- Created by: Mark Goodson Bill Todman
- Presented by: Jim McKay Gene Rayburn
- Country of origin: United States
- No. of episodes: 13

Production
- Running time: 30 Minutes

Original release
- Network: NBC
- Release: July 7 – September 29, 1955

= Make the Connection =

American TV quiz series (1955)

Make the Connection is an American game show, sponsored by Borden, that ran on Thursday nights from July 7 to September 29, 1955, on NBC from 8:30 to 9 p.m. Eastern Time.

Original host Jim McKay was replaced after the first four episodes by Gene Rayburn, who debuted as a game show host on August 4, 1955.

The series was a Mark Goodson-Bill Todman Production, and as such it had many things in common with the other panel shows developed by the company. Like What's My Line? and I've Got a Secret, there were four celebrity panelists who were each given a timed period in which to ask questions. Each panelist that was stumped earned the contestants money.

Betty White made one of her earliest game show appearances as a panelist on the series (her first on national television was a few weeks earlier on What's My Line?). The regular panelists were White, Gene Klavan, Gloria DeHaven, and Eddie Bracken.

==Rules==
The object of the game was for the four celebrity panelists to guess what the connection was between two or more people. Each time a panelist failed to make the connection within 30 seconds, the contestant earned $25. The game ended after a panelist guessed the connection or the guest earned $150.
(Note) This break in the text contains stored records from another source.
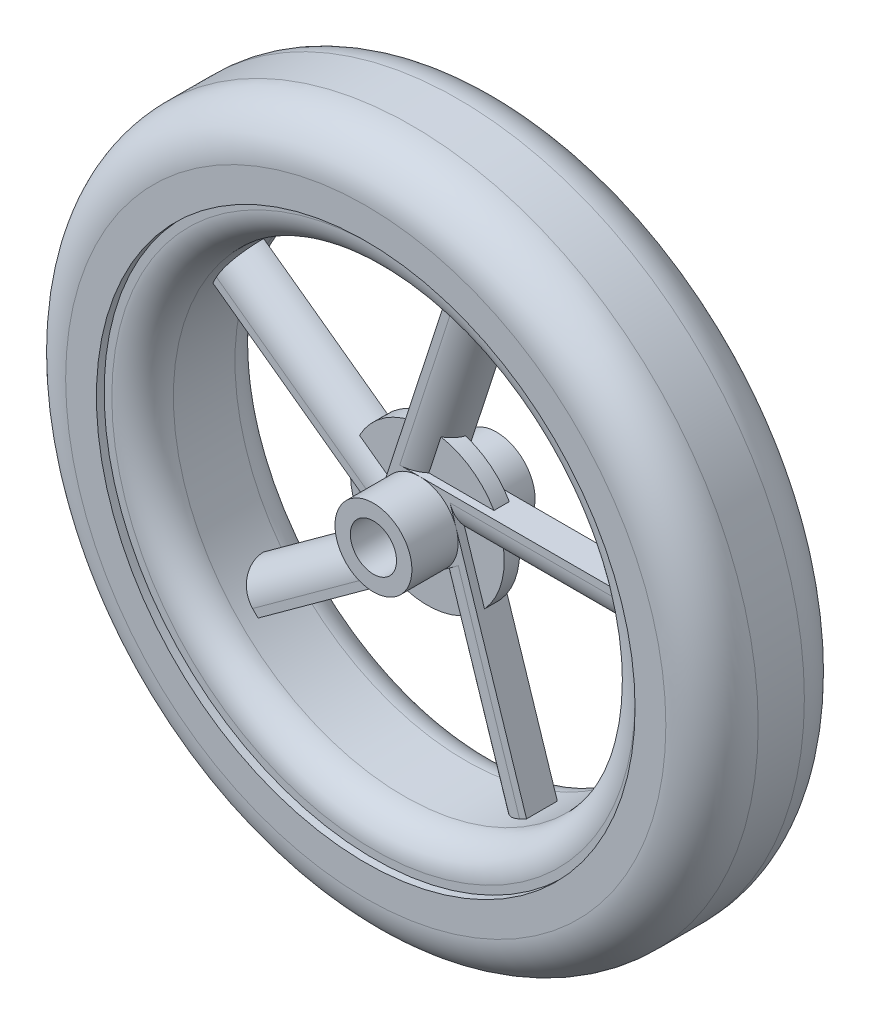
SolidWorks part; units mm, degrees
ref_plane "Front Plane" through (0, 0, 0) normal (0, 0, 1) x (1, 0, 0)
ref_plane "Top Plane" through (0, 0, 0) normal (0, 1, 0) x (1, 0, 0)
ref_plane "Right Plane" through (0, 0, 0) normal (1, 0, 0) x (0, 0, -1)
sketch "Sketch2" plane through (0, 0, 0) normal (0, 0, 1) x (1, 0, 0)
  circle A0 centre (0, 0) radius 1.5
  circle A1 centre (0, 0) radius 2.5
extrude "Boss-Extrude1" add sketch "Sketch2" along normal mid plane 8
sketch "Sketch3" plane through (0, 0, 0) normal (0, 0, 1) x (1, 0, 0)
  circle A0 centre (0, 0) radius 15
  circle A1 centre (0, 0) radius 17.5
  dimension "D1" = 30
  dimension "D2" = 35
extrude "Boss-Extrude2" add sketch "Sketch3" along normal mid plane 8 separate body
sketch "Sketch4" plane through (0, 0, 0) normal (0, 0, 1) x (1, 0, 0)
  line L0 (0.8123, 2.5) -> (14.7902, 2.5)
  line L1 (2.6287, 0) -> (15, 0)
  line L2 (2.6287, 0) -> (6.9481, -13.2938)
  line L3 (0.8123, -2.5) -> (4.6353, -14.2658)
  line L4 (0.8123, -2.5) -> (-10.4961, -10.716)
  line L5 (-2.1266, -1.5451) -> (-12.1353, -8.8168)
  line L6 (-2.1266, -1.5451) -> (-13.435, 6.6709)
  line L7 (-2.1266, 1.5451) -> (-12.1353, 8.8168)
  line L8 (-2.1266, 1.5451) -> (2.1928, 14.8389)
  line L9 (0.8123, 2.5) -> (4.6353, 14.2658)
  circle A0 centre (0, 0) radius 2.5
  circle A1 centre (0, 0) radius 15 construction
  arc A2 (15, 0) -> (14.7902, 2.5) centre (0, 0) ccw
  arc A3 (4.6353, -14.2658) -> (6.9481, -13.2938) centre (0, 0) ccw
  arc A4 (-12.1353, -8.8168) -> (-10.4961, -10.716) centre (0, 0) ccw
  arc A5 (-12.1353, 8.8168) -> (-13.435, 6.6709) centre (0, 0) ccw
  arc A6 (4.6353, 14.2658) -> (2.1928, 14.8389) centre (0, 0) ccw
  point P28 (0, 0)
  dimension "D1" = 5
extrude "Boss-Extrude3" add sketch "Sketch4" along normal mid plane 2
sketch "Sketch5" plane through (0, 0, 0) normal (0, 0, 1) x (1, 0, 0)
  circle A0 centre (0, 0) radius 5
  circle A1 centre (0, 0) radius 2.5
extrude "Boss-Extrude4" add sketch "Sketch5" along normal mid plane 1
fillet "Fillet1" radius 2 2 edges at (15, 0, -4) (15, 0, 4)
fillet "Fillet2" radius 2 5 edges at (-7.1309, -5.1809, 1) (2.7238, -8.3829, 1) (8.8143, 0, 1) (2.7238, 8.3829, 1) (-7.1309, 5.1809, 1)
sketch "Sketch6" plane through (0, 0, 0) normal (0, 0, 1) x (1, 0, 0)
  circle A0 centre (0, 0) radius 17.5
  circle A1 centre (0, 0) radius 22.5
extrude "Boss-Extrude5" add sketch "Sketch6" along normal mid plane 9
fillet "Fillet3" radius 3 2 edges at (22.5, 0, -4.5) (22.5, 0, 4.5)

It also featured celebrity guests as panelists.

==Episode status==
Only a handful of the thirteen episodes exist, including at least one McKay episode and a Rayburn-hosted edition which featured an overly animated J. Fred Muggs, the Today Show chimpanzee sidekick. GSN has occasionally shown an episode (mostly those hosted by Rayburn) in its "black and white" programming blocks. On September 11, 2017, Buzzr aired a Gene Rayburn episode as part of its "Lost and Found" event. Another Rayburn episode, specifically the one featuring Muggs, aired on September 25, 2021, as part of the network's 6th annual "Lost and Found" marathon. Two episodes with Rayburn as host and Betty White as a panelist aired as part of that network's tribute to White on what would have been her 100th birthday (January 17, 2022); one featured Buster Keaton, who gave a pie-throwing demonstration, and the other had golfer Sam Snead, who played the trumpet, and Gisele MacKenzie, who sang her current hit "Hard to Get". At the end of the latter. White noted that she already had three dogs but was willing to take a Cocker Spaniel that had gone unawarded. Buzzr aired an episode on Christmas morning as part of their "A Betty White Christmas" marathon.